##### Exercise inputs #####

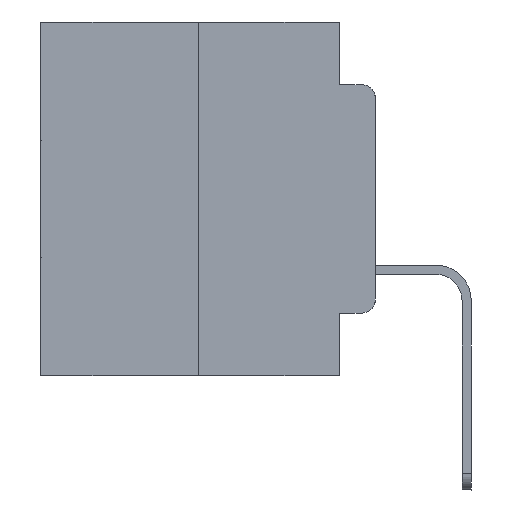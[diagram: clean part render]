
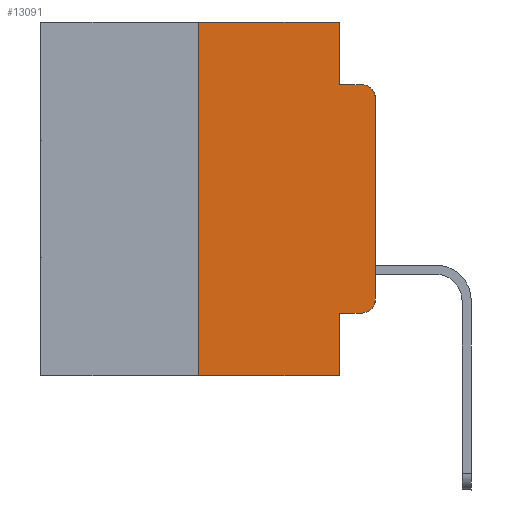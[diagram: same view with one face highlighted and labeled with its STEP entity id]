
A CAD part, left-side view. The second image highlights one B-rep face of the part: STEP entity #13091.
In plain terms, the highlighted planar face has unit normal (-1, 0, 0).
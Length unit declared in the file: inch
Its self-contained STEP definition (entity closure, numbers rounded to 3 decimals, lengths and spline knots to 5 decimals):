
#964 = EDGE_CURVE ( 'NONE', #2267, #6751, #19225, .T. ) ;
#1036 = AXIS2_PLACEMENT_3D ( 'NONE', #18359, #3973, #14218 ) ;
#1616 = CARTESIAN_POINT ( 'NONE',  ( 0., 0., -0.1085 ) ) ;
#1972 = EDGE_CURVE ( 'NONE', #11380, #19997, #10816, .T. ) ;
#2048 = DIRECTION ( 'NONE',  ( 0., 0., -1. ) ) ;
#2219 = LINE ( 'NONE', #17442, #15739 ) ;
#2267 = VERTEX_POINT ( 'NONE', #4875 ) ;
#2924 = EDGE_CURVE ( 'NONE', #3079, #18320, #15586, .T. ) ;
#2963 = LINE ( 'NONE', #19949, #10643 ) ;
#3057 = DIRECTION ( 'NONE',  ( 0., -1., 0. ) ) ;
#3079 = VERTEX_POINT ( 'NONE', #24040 ) ;
#3401 = DIRECTION ( 'NONE',  ( 0., 0., 1. ) ) ;
#3790 = AXIS2_PLACEMENT_3D ( 'NONE', #7907, #5940, #2048 ) ;
#3973 = DIRECTION ( 'NONE',  ( -1., 0., 0. ) ) ;
#4472 = EDGE_CURVE ( 'NONE', #19997, #6238, #2963, .T. ) ;
#4875 = CARTESIAN_POINT ( 'NONE',  ( 0., 0.25, -0.5 ) ) ;
#5051 = CARTESIAN_POINT ( 'NONE',  ( 0., 0.02, -0.4115 ) ) ;
#5940 = DIRECTION ( 'NONE',  ( -1., 0., 0. ) ) ;
#6133 = ORIENTED_EDGE ( 'NONE', *, *, #17842, .F. ) ;
#6238 = VERTEX_POINT ( 'NONE', #1616 ) ;
#6393 = CARTESIAN_POINT ( 'NONE',  ( 0., 0.051, 0. ) ) ;
#6403 = EDGE_CURVE ( 'NONE', #6238, #15537, #19250, .T. ) ;
#6751 = VERTEX_POINT ( 'NONE', #11112 ) ;
#7307 = CARTESIAN_POINT ( 'NONE',  ( 0., 0.473, 0. ) ) ;
#7362 = CARTESIAN_POINT ( 'NONE',  ( 0., 0.473, 0. ) ) ;
#7489 = VECTOR ( 'NONE', #11474, 39.37008 ) ;
#7626 = EDGE_CURVE ( 'NONE', #13139, #8253, #22748, .T. ) ;
#7651 = VECTOR ( 'NONE', #14266, 39.37008 ) ;
#7907 = CARTESIAN_POINT ( 'NONE',  ( 0., 0.02, -0.1085 ) ) ;
#7926 = CARTESIAN_POINT ( 'NONE',  ( 0., 0., -0.3915 ) ) ;
#8253 = VERTEX_POINT ( 'NONE', #21215 ) ;
#8647 = CARTESIAN_POINT ( 'NONE',  ( 0., 0.051, -0.4115 ) ) ;
#8866 = ORIENTED_EDGE ( 'NONE', *, *, #15444, .F. ) ;
#9228 = VECTOR ( 'NONE', #14572, 39.37008 ) ;
#9963 = CARTESIAN_POINT ( 'NONE',  ( 0., 0.473, -0.5 ) ) ;
#10126 = CARTESIAN_POINT ( 'NONE',  ( 0., 0.25, 0. ) ) ;
#10482 = LINE ( 'NONE', #14745, #9228 ) ;
#10643 = VECTOR ( 'NONE', #3401, 39.37008 ) ;
#10685 = DIRECTION ( 'NONE',  ( 1., 0., 0. ) ) ;
#10758 = CARTESIAN_POINT ( 'NONE',  ( 0., 0.02, -0.0885 ) ) ;
#10816 = CIRCLE ( 'NONE', #1036, 0.02 ) ;
#11112 = CARTESIAN_POINT ( 'NONE',  ( 0., 0.25, 0. ) ) ;
#11281 = DIRECTION ( 'NONE',  ( 0., 0., -1. ) ) ;
#11380 = VERTEX_POINT ( 'NONE', #5051 ) ;
#11474 = DIRECTION ( 'NONE',  ( 0., -1., 0. ) ) ;
#11623 = ORIENTED_EDGE ( 'NONE', *, *, #23653, .T. ) ;
#11836 = ORIENTED_EDGE ( 'NONE', *, *, #964, .F. ) ;
#13091 = ADVANCED_FACE ( 'NONE', ( #15861 ), #16903, .F. ) ;
#13139 = VERTEX_POINT ( 'NONE', #8647 ) ;
#13870 = EDGE_CURVE ( 'NONE', #13139, #11380, #2219, .T. ) ;
#14218 = DIRECTION ( 'NONE',  ( 0., 0., -1. ) ) ;
#14266 = DIRECTION ( 'NONE',  ( 0., 0., 1. ) ) ;
#14572 = DIRECTION ( 'NONE',  ( 0., -1., 0. ) ) ;
#14745 = CARTESIAN_POINT ( 'NONE',  ( 0., 0.051, -0.0885 ) ) ;
#15349 = CARTESIAN_POINT ( 'NONE',  ( 0., 0.051, -0.0885 ) ) ;
#15444 = EDGE_CURVE ( 'NONE', #18320, #15537, #10482, .T. ) ;
#15537 = VERTEX_POINT ( 'NONE', #10758 ) ;
#15586 = LINE ( 'NONE', #17236, #19131 ) ;
#15739 = VECTOR ( 'NONE', #3057, 39.37008 ) ;
#15861 = FACE_OUTER_BOUND ( 'NONE', #23072, .T. ) ;
#16607 = ORIENTED_EDGE ( 'NONE', *, *, #2924, .F. ) ;
#16903 = PLANE ( 'NONE',  #26412 ) ;
#17086 = ORIENTED_EDGE ( 'NONE', *, *, #6403, .T. ) ;
#17236 = CARTESIAN_POINT ( 'NONE',  ( 0., 0.051, 0. ) ) ;
#17442 = CARTESIAN_POINT ( 'NONE',  ( 0., 0.051, -0.4115 ) ) ;
#17842 = EDGE_CURVE ( 'NONE', #6751, #3079, #20337, .T. ) ;
#17950 = VECTOR ( 'NONE', #25047, 39.37008 ) ;
#18320 = VERTEX_POINT ( 'NONE', #15349 ) ;
#18359 = CARTESIAN_POINT ( 'NONE',  ( 0., 0.02, -0.3915 ) ) ;
#19039 = LINE ( 'NONE', #9963, #23191 ) ;
#19131 = VECTOR ( 'NONE', #11281, 39.37008 ) ;
#19225 = LINE ( 'NONE', #10126, #7651 ) ;
#19250 = CIRCLE ( 'NONE', #3790, 0.02 ) ;
#19763 = ORIENTED_EDGE ( 'NONE', *, *, #4472, .T. ) ;
#19949 = CARTESIAN_POINT ( 'NONE',  ( 0., 0., 0. ) ) ;
#19997 = VERTEX_POINT ( 'NONE', #7926 ) ;
#20337 = LINE ( 'NONE', #7362, #7489 ) ;
#20565 = ORIENTED_EDGE ( 'NONE', *, *, #13870, .T. ) ;
#21215 = CARTESIAN_POINT ( 'NONE',  ( 0., 0.051, -0.5 ) ) ;
#21692 = ORIENTED_EDGE ( 'NONE', *, *, #7626, .F. ) ;
#22748 = LINE ( 'NONE', #6393, #17950 ) ;
#23072 = EDGE_LOOP ( 'NONE', ( #19763, #17086, #8866, #16607, #6133, #11836, #11623, #21692, #20565, #24651 ) ) ;
#23180 = DIRECTION ( 'NONE',  ( 0., 0., -1. ) ) ;
#23191 = VECTOR ( 'NONE', #24409, 39.37008 ) ;
#23653 = EDGE_CURVE ( 'NONE', #2267, #8253, #19039, .T. ) ;
#24040 = CARTESIAN_POINT ( 'NONE',  ( 0., 0.051, 0. ) ) ;
#24409 = DIRECTION ( 'NONE',  ( 0., -1., 0. ) ) ;
#24651 = ORIENTED_EDGE ( 'NONE', *, *, #1972, .T. ) ;
#25047 = DIRECTION ( 'NONE',  ( 0., 0., -1. ) ) ;
#26412 = AXIS2_PLACEMENT_3D ( 'NONE', #7307, #10685, #23180 ) ;

#####

▶ [Required action]
The required output is the exact lines from the opening line of the entries through the line with "Length unit declared in the file: inch", inclusive, without pictures.

▶ [Answer section]
[diagram: clean part render]
[diagram: same view with one face highlighted and labeled with its STEP entity id]
A CAD part, left-side view. The second image highlights one B-rep face of the part: STEP entity #13091.
In plain terms, the highlighted planar face has unit normal (-1, 0, 0).
Length unit declared in the file: inch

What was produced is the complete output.